Looking back, I agree that the car/plane analogy was stretched, but I still
stand by this advice. Too often, I see code bloat that simply isn't
worthwhile, and I constantly work to correct the problem. Today, we removed
backbone.js from our front-end code. The change improved load times and
reduced complexity. I'm quite happy with it. It only took a few days, but it
will pay dividends indefinitely.

In terms of day-to-day activities, I'm still busy with work[1] and I've
continued the same GitHub streak[2]. As blog posts go, this one hasn't caused
me much embarrassment.

1\. [https://floobits.com/](https://floobits.com/)

2\.
[http://geoff.greer.fm/photos/screenshots/Screen%20Shot%20201...](http://geoff.greer.fm/photos/screenshots/Screen%20Shot%202014-11-10%20at%2023.53.14.png)

------
shoo
This reminds me of a post by Michael Feathers, titled "The carrying cost of
code" [1]. Feathers wrote the book about legacy code [2]. I think he makes
approximately the same point:

> If you are making cars or widgets, you make them one by one. They proceed
> through the manufacturing process and you can gain very real efficiencies by
> paying attention to how the pieces go through the process. Lean Software
> Development has chosen to see tasks as pieces. We carry them through a
> process and end up with completed products on the other side.

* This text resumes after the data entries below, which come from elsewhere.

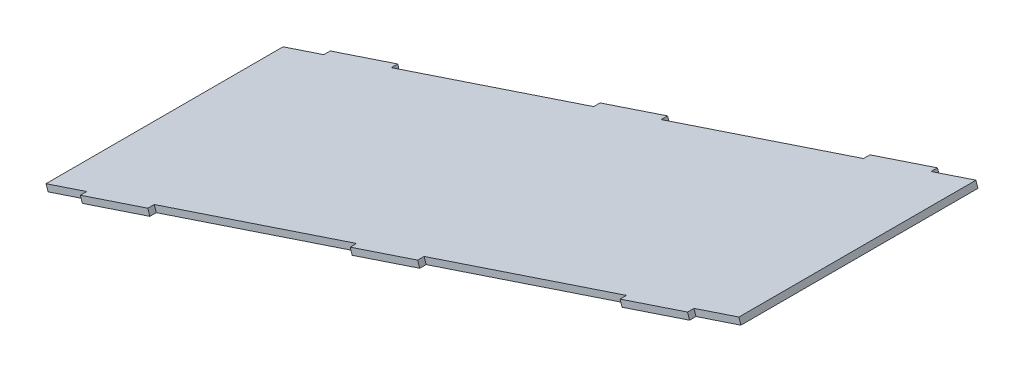
ISO-10303-21;
HEADER;
FILE_DESCRIPTION(('STEP AP214'),'2;1');
FILE_NAME('part.step','',(''),(''),'','','');
FILE_SCHEMA(('AUTOMOTIVE_DESIGN { 1 0 10303 214 1 1 1 1 }'));
ENDSEC;
DATA;
#1=APPLICATION_CONTEXT('core data for automotive mechanical design processes');
#2=APPLICATION_PROTOCOL_DEFINITION('international standard','automotive_design',2000,#1);
#3=PRODUCT_CONTEXT('',#1,'mechanical');
#4=PRODUCT('Part','Part','',(#3));
#5=PRODUCT_RELATED_PRODUCT_CATEGORY('part','',(#4));
#6=PRODUCT_DEFINITION_FORMATION('','',#4);
#7=PRODUCT_DEFINITION_CONTEXT('part definition',#1,'design');
#8=PRODUCT_DEFINITION('design','',#6,#7);
#9=PRODUCT_DEFINITION_SHAPE('','',#8);
#10=(LENGTH_UNIT() NAMED_UNIT(*) SI_UNIT(.MILLI.,.METRE.));
#11=(NAMED_UNIT(*) PLANE_ANGLE_UNIT() SI_UNIT($,.RADIAN.));
#12=(NAMED_UNIT(*) SI_UNIT($,.STERADIAN.) SOLID_ANGLE_UNIT());
#13=UNCERTAINTY_MEASURE_WITH_UNIT(LENGTH_MEASURE(1.E-05),#10,'distance_accuracy_value','');
#14=(GEOMETRIC_REPRESENTATION_CONTEXT(3) GLOBAL_UNCERTAINTY_ASSIGNED_CONTEXT((#13)) GLOBAL_UNIT_ASSIGNED_CONTEXT((#10,
#11,#12)) REPRESENTATION_CONTEXT('',''));
#15=CARTESIAN_POINT('',(0.,0.,0.));
#16=DIRECTION('',(0.,0.,1.));
#17=DIRECTION('',(1.,0.,0.));
#18=AXIS2_PLACEMENT_3D('',#15,#16,#17);
#19=CARTESIAN_POINT('',(0.,0.,100.));
#20=DIRECTION('',(0.,0.,-1.));
#21=DIRECTION('',(1.,0.,0.));
#22=AXIS2_PLACEMENT_3D('',#19,#20,#21);
#23=PLANE('',#22);
#24=DIRECTION('',(-0.948683298050516,-0.316227766016832,0.));
#25=VECTOR('',#24,1.);
#26=CARTESIAN_POINT('',(6.68696438322838E-13,99.999999999998,100.));
#27=LINE('',#26,#25);
#28=CARTESIAN_POINT('',(-275.118156434649,8.29394785511686,100.));
#29=VERTEX_POINT('',#28);
#30=CARTESIAN_POINT('',(-292.31566528579,2.56144490473659,100.));
#31=VERTEX_POINT('',#30);
#32=EDGE_CURVE('E347',#29,#31,#27,.T.);
#33=ORIENTED_EDGE('',*,*,#32,.T.);
#34=DIRECTION('',(0.316227766016844,-0.948683298050512,0.));
#35=VECTOR('',#34,1.);
#36=CARTESIAN_POINT('',(-262.315665285789,-87.4385550952649,100.));
#37=LINE('',#36,#35);
#38=CARTESIAN_POINT('',(-291.461850317545,0.,100.));
#39=VERTEX_POINT('',#38);
#40=EDGE_CURVE('E221',#31,#39,#37,.T.);
#41=ORIENTED_EDGE('',*,*,#40,.T.);
#42=DIRECTION('',(0.948683298050516,0.316227766016832,0.));
#43=VECTOR('',#42,1.);
#44=CARTESIAN_POINT('',(-299.146185031754,-2.5614449047366,100.));
#45=LINE('',#44,#43);
#46=CARTESIAN_POINT('',(-274.264341466403,5.73250295038025,100.));
#47=VERTEX_POINT('',#46);
#48=EDGE_CURVE('E334',#39,#47,#45,.T.);
#49=ORIENTED_EDGE('',*,*,#48,.T.);
#50=DIRECTION('',(-0.316227766016832,0.948683298050516,0.));
#51=VECTOR('',#50,1.);
#52=CARTESIAN_POINT('',(-264.739164302697,-22.84302854074,99.9999999999983));
#53=LINE('',#52,#51);
#54=EDGE_CURVE('E57',#47,#29,#53,.T.);
#55=ORIENTED_EDGE('',*,*,#54,.T.);
#56=EDGE_LOOP('',(#33,#41,#49,#55));
#57=FACE_BOUND('',#56,.T.);
#58=ADVANCED_FACE('F34',(#57),#23,.F.);
#59=DIRECTION('',(-0.316227766016832,0.948683298050516,0.));
#60=VECTOR('',#59,1.);
#61=CARTESIAN_POINT('',(-236.278665361181,-13.356195560235,99.9999999999983));
#62=LINE('',#61,#60);
#63=CARTESIAN_POINT('',(-245.803842524888,15.2193359308852,99.9999999999983));
#64=VERTEX_POINT('',#63);
#65=CARTESIAN_POINT('',(-246.657657493133,17.7807808356218,100.));
#66=VERTEX_POINT('',#65);
#67=EDGE_CURVE('E405',#64,#66,#62,.T.);
#68=ORIENTED_EDGE('',*,*,#67,.F.);
#69=CARTESIAN_POINT('',(-160.422345700342,43.6798348724001,100.));
#70=VERTEX_POINT('',#69);
#71=EDGE_CURVE('E338',#64,#70,#45,.T.);
#72=ORIENTED_EDGE('',*,*,#71,.T.);
#73=DIRECTION('',(-0.316227766016832,0.948683298050516,0.));
#74=VECTOR('',#73,1.);
#75=CARTESIAN_POINT('',(-150.897168536635,15.1043033812798,99.9999999999992));
#76=LINE('',#75,#74);
#77=CARTESIAN_POINT('',(-161.276160668587,46.2412797771366,100.));
#78=VERTEX_POINT('',#77);
#79=EDGE_CURVE('E379',#70,#78,#76,.T.);
#80=ORIENTED_EDGE('',*,*,#79,.T.);
#81=EDGE_CURVE('E433',#78,#66,#27,.T.);
#82=ORIENTED_EDGE('',*,*,#81,.T.);
#83=EDGE_LOOP('',(#68,#72,#80,#82));
#84=FACE_BOUND('',#83,.T.);
#85=ADVANCED_FACE('F490',(#84),#23,.F.);
#86=DIRECTION('',(-0.316227766016832,0.948683298050516,0.));
#87=VECTOR('',#86,1.);
#88=CARTESIAN_POINT('',(-122.436669595119,24.5911363617848,99.9999999999992));
#89=LINE('',#88,#87);
#90=CARTESIAN_POINT('',(-131.961846758826,53.1666678529051,99.9999999999992));
#91=VERTEX_POINT('',#90);
#92=CARTESIAN_POINT('',(-132.815661727072,55.7281127576416,100.));
#93=VERTEX_POINT('',#92);
#94=EDGE_CURVE('E378',#91,#93,#89,.T.);
#95=ORIENTED_EDGE('',*,*,#94,.F.);
#96=CARTESIAN_POINT('',(-46.5803499342797,81.62716679442,100.));
#97=VERTEX_POINT('',#96);
#98=EDGE_CURVE('E455',#91,#97,#45,.T.);
#99=ORIENTED_EDGE('',*,*,#98,.T.);
#100=DIRECTION('',(-0.316227766016832,0.948683298050516,0.));
#101=VECTOR('',#100,1.);
#102=CARTESIAN_POINT('',(-37.0551727705731,53.0516353032997,100.));
#103=LINE('',#102,#101);
#104=CARTESIAN_POINT('',(-47.4341649025251,84.1886116991564,100.));
#105=VERTEX_POINT('',#104);
#106=EDGE_CURVE('E353',#97,#105,#103,.T.);
#107=ORIENTED_EDGE('',*,*,#106,.T.);
#108=EDGE_CURVE('E346',#105,#93,#27,.T.);
#109=ORIENTED_EDGE('',*,*,#108,.T.);
#110=EDGE_LOOP('',(#95,#99,#107,#109));
#111=FACE_BOUND('',#110,.T.);
#112=ADVANCED_FACE('F440',(#111),#23,.F.);
#113=DIRECTION('',(-0.316227766016832,0.948683298050516,0.));
#114=VECTOR('',#113,1.);
#115=CARTESIAN_POINT('',(-8.59467382905762,62.5384682838046,100.));
#116=LINE('',#115,#114);
#117=CARTESIAN_POINT('',(-18.1198509927642,91.113999774925,100.));
#118=VERTEX_POINT('',#117);
#119=CARTESIAN_POINT('',(-18.9736659610097,93.6754446796614,100.));
#120=VERTEX_POINT('',#119);
#121=EDGE_CURVE('E352',#118,#120,#116,.T.);
#122=ORIENTED_EDGE('',*,*,#121,.F.);
#123=CARTESIAN_POINT('',(0.853814968246116,97.4385550952616,100.));
#124=VERTEX_POINT('',#123);
#125=EDGE_CURVE('E339',#118,#124,#45,.T.);
#126=ORIENTED_EDGE('',*,*,#125,.T.);
#127=DIRECTION('',(-0.316227766016832,0.948683298050516,0.));
#128=VECTOR('',#127,1.);
#129=CARTESIAN_POINT('',(0.853814968246116,97.4385550952616,100.));
#130=LINE('',#129,#128);
#131=CARTESIAN_POINT('',(6.68696438322838E-13,99.999999999998,100.));
#132=VERTEX_POINT('',#131);
#133=EDGE_CURVE('E340',#124,#132,#130,.T.);
#134=ORIENTED_EDGE('',*,*,#133,.T.);
#135=EDGE_CURVE('E343',#132,#120,#27,.T.);
#136=ORIENTED_EDGE('',*,*,#135,.T.);
#137=EDGE_LOOP('',(#122,#126,#134,#136));
#138=FACE_BOUND('',#137,.T.);
#139=ADVANCED_FACE('F460',(#138),#23,.F.);
#140=CARTESIAN_POINT('',(0.,0.,0.));
#141=DIRECTION('',(0.,0.,1.));
#142=DIRECTION('',(1.,0.,0.));
#143=AXIS2_PLACEMENT_3D('',#140,#141,#142);
#144=PLANE('',#143);
#145=DIRECTION('',(0.948683298050516,0.316227766016832,0.));
#146=VECTOR('',#145,1.);
#147=CARTESIAN_POINT('',(-299.146185031754,-2.5614449047366,0.));
#148=LINE('',#147,#146);
#149=CARTESIAN_POINT('',(-291.461850317545,0.,0.));
#150=VERTEX_POINT('',#149);
#151=CARTESIAN_POINT('',(-274.264341466403,5.73250295038026,1.6757428777936E-12));
#152=VERTEX_POINT('',#151);
#153=EDGE_CURVE('E232',#150,#152,#148,.T.);
#154=ORIENTED_EDGE('',*,*,#153,.F.);
#155=DIRECTION('',(0.316227766016844,-0.948683298050512,0.));
#156=VECTOR('',#155,1.);
#157=CARTESIAN_POINT('',(-291.461850317545,0.,0.));
#158=LINE('',#157,#156);
#159=CARTESIAN_POINT('',(-292.31566528579,2.56144490473659,0.));
#160=VERTEX_POINT('',#159);
#161=EDGE_CURVE('E49',#160,#150,#158,.T.);
#162=ORIENTED_EDGE('',*,*,#161,.F.);
#163=DIRECTION('',(-0.948683298050516,-0.316227766016832,0.));
#164=VECTOR('',#163,1.);
#165=CARTESIAN_POINT('',(6.68696438322838E-13,99.999999999998,0.));
#166=LINE('',#165,#164);
#167=CARTESIAN_POINT('',(-275.118156434649,8.29394785511686,1.6759110426447E-12));
#168=VERTEX_POINT('',#167);
#169=EDGE_CURVE('E231',#168,#160,#166,.T.);
#170=ORIENTED_EDGE('',*,*,#169,.F.);
#171=DIRECTION('',(-0.316227766016832,0.948683298050516,0.));
#172=VECTOR('',#171,1.);
#173=CARTESIAN_POINT('',(-264.739164302697,-22.84302854074,1.6759110426447E-12));
#174=LINE('',#173,#172);
#175=EDGE_CURVE('E325',#152,#168,#174,.T.);
#176=ORIENTED_EDGE('',*,*,#175,.F.);
#177=EDGE_LOOP('',(#154,#162,#170,#176));
#178=FACE_BOUND('',#177,.T.);
#179=ADVANCED_FACE('F229',(#178),#144,.F.);
#180=CARTESIAN_POINT('',(-245.803842524888,15.2193359308852,0.));
#181=VERTEX_POINT('',#180);
#182=CARTESIAN_POINT('',(-160.422345700342,43.6798348724001,8.37871438896798E-13));
#183=VERTEX_POINT('',#182);
#184=EDGE_CURVE('E776',#181,#183,#148,.T.);
#185=ORIENTED_EDGE('',*,*,#184,.F.);
#186=DIRECTION('',(-0.316227766016832,0.948683298050516,0.));
#187=VECTOR('',#186,1.);
#188=CARTESIAN_POINT('',(-236.278665361181,-13.356195560235,1.6759110426447E-12));
#189=LINE('',#188,#187);
#190=CARTESIAN_POINT('',(-246.657657493133,17.7807808356218,1.6759110426447E-12));
#191=VERTEX_POINT('',#190);
#192=EDGE_CURVE('E318',#181,#191,#189,.T.);
#193=ORIENTED_EDGE('',*,*,#192,.T.);
#194=CARTESIAN_POINT('',(-161.276160668587,46.2412797771367,8.37955521322352E-13));
#195=VERTEX_POINT('',#194);
#196=EDGE_CURVE('E238',#195,#191,#166,.T.);
#197=ORIENTED_EDGE('',*,*,#196,.F.);
#198=DIRECTION('',(-0.316227766016832,0.948683298050516,0.));
#199=VECTOR('',#198,1.);
#200=CARTESIAN_POINT('',(-150.897168536635,15.1043033812798,8.37955521322352E-13));
#201=LINE('',#200,#199);
#202=EDGE_CURVE('E304',#183,#195,#201,.T.);
#203=ORIENTED_EDGE('',*,*,#202,.F.);
#204=EDGE_LOOP('',(#185,#193,#197,#203));
#205=FACE_BOUND('',#204,.T.);
#206=ADVANCED_FACE('F500',(#205),#144,.F.);
#207=CARTESIAN_POINT('',(-131.961846758826,53.1666678529051,0.));
#208=VERTEX_POINT('',#207);
#209=CARTESIAN_POINT('',(-46.5803499342796,81.62716679442,0.));
#210=VERTEX_POINT('',#209);
#211=EDGE_CURVE('E254',#208,#210,#148,.T.);
#212=ORIENTED_EDGE('',*,*,#211,.F.);
#213=DIRECTION('',(-0.316227766016832,0.948683298050516,0.));
#214=VECTOR('',#213,1.);
#215=CARTESIAN_POINT('',(-122.436669595119,24.5911363617848,8.37955521322352E-13));
#216=LINE('',#215,#214);
#217=CARTESIAN_POINT('',(-132.815661727072,55.7281127576416,8.37955521322352E-13));
#218=VERTEX_POINT('',#217);
#219=EDGE_CURVE('E271',#208,#218,#216,.T.);
#220=ORIENTED_EDGE('',*,*,#219,.T.);
#221=CARTESIAN_POINT('',(-47.4341649025251,84.1886116991565,0.));
#222=VERTEX_POINT('',#221);
#223=EDGE_CURVE('E243',#222,#218,#166,.T.);
#224=ORIENTED_EDGE('',*,*,#223,.F.);
#225=DIRECTION('',(-0.316227766016832,0.948683298050516,0.));
#226=VECTOR('',#225,1.);
#227=CARTESIAN_POINT('',(-37.0551727705731,53.0516353032997,0.));
#228=LINE('',#227,#226);
#229=EDGE_CURVE('E269',#210,#222,#228,.T.);
#230=ORIENTED_EDGE('',*,*,#229,.F.);
#231=EDGE_LOOP('',(#212,#220,#224,#230));
#232=FACE_BOUND('',#231,.T.);
#233=ADVANCED_FACE('F268',(#232),#144,.F.);
#234=CARTESIAN_POINT('',(6.68696438322838E-13,99.999999999998,50.));
#235=DIRECTION('',(0.316227766016832,-0.948683298050516,0.));
#236=DIRECTION('',(0.948683298050516,0.316227766016832,0.));
#237=AXIS2_PLACEMENT_3D('',#234,#235,#236);
#238=PLANE('',#237);
#239=ORIENTED_EDGE('',*,*,#169,.T.);
#240=DIRECTION('',(0.,0.,-1.));
#241=VECTOR('',#240,1.);
#242=CARTESIAN_POINT('',(-292.31566528579,2.56144490473659,102.7));
#243=LINE('',#242,#241);
#244=EDGE_CURVE('E218',#31,#160,#243,.T.);
#245=ORIENTED_EDGE('',*,*,#244,.F.);
#246=ORIENTED_EDGE('',*,*,#32,.F.);
#247=DIRECTION('',(0.,0.,-1.));
#248=VECTOR('',#247,1.);
#249=CARTESIAN_POINT('',(-275.118156434649,8.29394785511686,102.699999999998));
#250=LINE('',#249,#248);
#251=CARTESIAN_POINT('',(-275.118156434649,8.29394785511686,102.699999999998));
#252=VERTEX_POINT('',#251);
#253=EDGE_CURVE('E419',#252,#29,#250,.T.);
#254=ORIENTED_EDGE('',*,*,#253,.F.);
#255=DIRECTION('',(-0.948683298050516,-0.316227766016832,0.));
#256=VECTOR('',#255,1.);
#257=CARTESIAN_POINT('',(-246.657657493133,17.7807808356218,102.699999999998));
#258=LINE('',#257,#256);
#259=CARTESIAN_POINT('',(-246.657657493133,17.7807808356218,102.699999999998));
#260=VERTEX_POINT('',#259);
#261=EDGE_CURVE('E416',#260,#252,#258,.T.);
#262=ORIENTED_EDGE('',*,*,#261,.F.);
#263=DIRECTION('',(0.,0.,1.));
#264=VECTOR('',#263,1.);
#265=CARTESIAN_POINT('',(-246.657657493133,17.7807808356218,99.9999999999983));
#266=LINE('',#265,#264);
#267=EDGE_CURVE('E408',#66,#260,#266,.T.);
#268=ORIENTED_EDGE('',*,*,#267,.F.);
#269=ORIENTED_EDGE('',*,*,#81,.F.);
#270=DIRECTION('',(0.,0.,-1.));
#271=VECTOR('',#270,1.);
#272=CARTESIAN_POINT('',(-161.276160668587,46.2412797771367,102.699999999999));
#273=LINE('',#272,#271);
#274=CARTESIAN_POINT('',(-161.276160668587,46.2412797771367,102.699999999999));
#275=VERTEX_POINT('',#274);
#276=EDGE_CURVE('E393',#275,#78,#273,.T.);
#277=ORIENTED_EDGE('',*,*,#276,.F.);
#278=DIRECTION('',(-0.948683298050516,-0.316227766016832,0.));
#279=VECTOR('',#278,1.);
#280=CARTESIAN_POINT('',(-132.815661727072,55.7281127576416,102.699999999999));
#281=LINE('',#280,#279);
#282=CARTESIAN_POINT('',(-132.815661727072,55.7281127576416,102.699999999999));
#283=VERTEX_POINT('',#282);
#284=EDGE_CURVE('E390',#283,#275,#281,.T.);
#285=ORIENTED_EDGE('',*,*,#284,.F.);
#286=DIRECTION('',(0.,0.,1.));
#287=VECTOR('',#286,1.);
#288=CARTESIAN_POINT('',(-132.815661727072,55.7281127576416,99.9999999999992));
#289=LINE('',#288,#287);
#290=EDGE_CURVE('E382',#93,#283,#289,.T.);
#291=ORIENTED_EDGE('',*,*,#290,.F.);
#292=ORIENTED_EDGE('',*,*,#108,.F.);
#293=DIRECTION('',(0.,0.,-1.));
#294=VECTOR('',#293,1.);
#295=CARTESIAN_POINT('',(-47.4341649025251,84.1886116991565,102.7));
#296=LINE('',#295,#294);
#297=CARTESIAN_POINT('',(-47.4341649025251,84.1886116991565,102.7));
#298=VERTEX_POINT('',#297);
#299=EDGE_CURVE('E367',#298,#105,#296,.T.);
#300=ORIENTED_EDGE('',*,*,#299,.F.);
#301=DIRECTION('',(-0.948683298050516,-0.316227766016832,0.));
#302=VECTOR('',#301,1.);
#303=CARTESIAN_POINT('',(-18.9736659610097,93.6754446796614,102.7));
#304=LINE('',#303,#302);
#305=CARTESIAN_POINT('',(-18.9736659610097,93.6754446796614,102.7));
#306=VERTEX_POINT('',#305);
#307=EDGE_CURVE('E364',#306,#298,#304,.T.);
#308=ORIENTED_EDGE('',*,*,#307,.F.);
#309=DIRECTION('',(0.,0.,1.));
#310=VECTOR('',#309,1.);
#311=CARTESIAN_POINT('',(-18.9736659610097,93.6754446796614,100.));
#312=LINE('',#311,#310);
#313=EDGE_CURVE('E357',#120,#306,#312,.T.);
#314=ORIENTED_EDGE('',*,*,#313,.F.);
#315=ORIENTED_EDGE('',*,*,#135,.F.);
#316=DIRECTION('',(0.,0.,-1.));
#317=VECTOR('',#316,1.);
#318=CARTESIAN_POINT('',(6.68696438322838E-13,99.999999999998,50.));
#319=LINE('',#318,#317);
#320=CARTESIAN_POINT('',(6.68696438322838E-13,99.999999999998,0.));
#321=VERTEX_POINT('',#320);
#322=EDGE_CURVE('E42',#132,#321,#319,.T.);
#323=ORIENTED_EDGE('',*,*,#322,.T.);
#324=CARTESIAN_POINT('',(-18.9736659610097,93.6754446796614,0.));
#325=VERTEX_POINT('',#324);
#326=EDGE_CURVE('E241',#321,#325,#166,.T.);
#327=ORIENTED_EDGE('',*,*,#326,.T.);
#328=DIRECTION('',(0.,0.,-1.));
#329=VECTOR('',#328,1.);
#330=CARTESIAN_POINT('',(-18.9736659610097,93.6754446796614,0.));
#331=LINE('',#330,#329);
#332=CARTESIAN_POINT('',(-18.9736659610097,93.6754446796614,-2.7));
#333=VERTEX_POINT('',#332);
#334=EDGE_CURVE('E289',#325,#333,#331,.T.);
#335=ORIENTED_EDGE('',*,*,#334,.T.);
#336=DIRECTION('',(-0.948683298050516,-0.316227766016832,0.));
#337=VECTOR('',#336,1.);
#338=CARTESIAN_POINT('',(-18.9736659610097,93.6754446796614,-2.7));
#339=LINE('',#338,#337);
#340=CARTESIAN_POINT('',(-47.4341649025251,84.1886116991565,-2.7));
#341=VERTEX_POINT('',#340);
#342=EDGE_CURVE('E288',#333,#341,#339,.T.);
#343=ORIENTED_EDGE('',*,*,#342,.T.);
#344=DIRECTION('',(0.,0.,1.));
#345=VECTOR('',#344,1.);
#346=CARTESIAN_POINT('',(-47.4341649025251,84.1886116991565,-2.7));
#347=LINE('',#346,#345);
#348=EDGE_CURVE('E262',#341,#222,#347,.T.);
#349=ORIENTED_EDGE('',*,*,#348,.T.);
#350=ORIENTED_EDGE('',*,*,#223,.T.);
#351=DIRECTION('',(0.,0.,-1.));
#352=VECTOR('',#351,1.);
#353=CARTESIAN_POINT('',(-132.815661727072,55.7281127576416,8.37955521322352E-13));
#354=LINE('',#353,#352);
#355=CARTESIAN_POINT('',(-132.815661727072,55.7281127576416,-2.69999999999916));
#356=VERTEX_POINT('',#355);
#357=EDGE_CURVE('E259',#218,#356,#354,.T.);
#358=ORIENTED_EDGE('',*,*,#357,.T.);
#359=DIRECTION('',(-0.948683298050516,-0.316227766016832,0.));
#360=VECTOR('',#359,1.);
#361=CARTESIAN_POINT('',(-132.815661727072,55.7281127576416,-2.69999999999916));
#362=LINE('',#361,#360);
#363=CARTESIAN_POINT('',(-161.276160668587,46.2412797771367,-2.69999999999916));
#364=VERTEX_POINT('',#363);
#365=EDGE_CURVE('E309',#356,#364,#362,.T.);
#366=ORIENTED_EDGE('',*,*,#365,.T.);
#367=DIRECTION('',(0.,0.,1.));
#368=VECTOR('',#367,1.);
#369=CARTESIAN_POINT('',(-161.276160668587,46.2412797771367,-2.69999999999916));
#370=LINE('',#369,#368);
#371=EDGE_CURVE('E300',#364,#195,#370,.T.);
#372=ORIENTED_EDGE('',*,*,#371,.T.);
#373=ORIENTED_EDGE('',*,*,#196,.T.);
#374=DIRECTION('',(0.,0.,-1.));
#375=VECTOR('',#374,1.);
#376=CARTESIAN_POINT('',(-246.657657493133,17.7807808356218,1.6759110426447E-12));
#377=LINE('',#376,#375);
#378=CARTESIAN_POINT('',(-246.657657493133,17.7807808356218,-2.69999999999832));
#379=VERTEX_POINT('',#378);
#380=EDGE_CURVE('E331',#191,#379,#377,.T.);
#381=ORIENTED_EDGE('',*,*,#380,.T.);
#382=DIRECTION('',(-0.948683298050516,-0.316227766016832,0.));
#383=VECTOR('',#382,1.);
#384=CARTESIAN_POINT('',(-246.657657493133,17.7807808356218,-2.69999999999832));
#385=LINE('',#384,#383);
#386=CARTESIAN_POINT('',(-275.118156434649,8.29394785511686,-2.69999999999832));
#387=VERTEX_POINT('',#386);
#388=EDGE_CURVE('E329',#379,#387,#385,.T.);
#389=ORIENTED_EDGE('',*,*,#388,.T.);
#390=DIRECTION('',(0.,0.,1.));
#391=VECTOR('',#390,1.);
#392=CARTESIAN_POINT('',(-275.118156434649,8.29394785511686,-2.69999999999832));
#393=LINE('',#392,#391);
#394=EDGE_CURVE('E237',#387,#168,#393,.T.);
#395=ORIENTED_EDGE('',*,*,#394,.T.);
#396=EDGE_LOOP('',(#239,#245,#246,#254,#262,#268,#269,#277,#285,#291,#292,#300,#308,#314,#315,
#323,#327,#335,#343,#349,#350,#358,#366,#372,#373,#381,#389,#395));
#397=FACE_BOUND('',#396,.T.);
#398=ADVANCED_FACE('F36',(#397),#238,.F.);
#399=CARTESIAN_POINT('',(-299.146185031754,-2.5614449047366,50.));
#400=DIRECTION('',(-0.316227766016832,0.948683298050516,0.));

> It's a nice view of the world, but it is a bit of a lie. In software
> development, we are essentially working on the same car or widget
> continuously, often for years. We are in the same soup, the same codebase.
> We can't expect a model based on independence of pieces in manufacturing to
> be accurate when we are working continuously on a single thing (a codebase)
> that shows wear over time and needs constant attention.

[1] -
[http://michaelfeathers.typepad.com/michael_feathers_blog/201...](http://michaelfeathers.typepad.com/michael_feathers_blog/2011/05/the-
carrying-cost-of-code-taking-lean-seriously.html) [2] -
[http://www.amazon.com/Working-Effectively-Legacy-Michael-
Fea...](http://www.amazon.com/Working-Effectively-Legacy-Michael-
Feathers/dp/0131177052)

------
ronilan
I'd guess financing and marketing generally, and lease cycles in the US
specifically, are the main drivers (pun intended) for the pattern in cars. The
analogy sounds nice but it is a little stretched trying to explain codebase
size in OSS projects.

------
Ma8ee
The reason why cars are much heavier today is because they are made much safer
than in 1975. All those crumple zones are heavy, and to be safe you don't want
to drive the lighter car in the collision.

------
rumcajz
> Do people use modern languages, libraries, and techniques to build a small
> piece of software that does one thing well? This is the Unix philosophy, but
> when I try to think of examples, not much comes to mind.

Exaclty! Why? Is it hubris or what that building single-purpose components is
such an anathema nowadays?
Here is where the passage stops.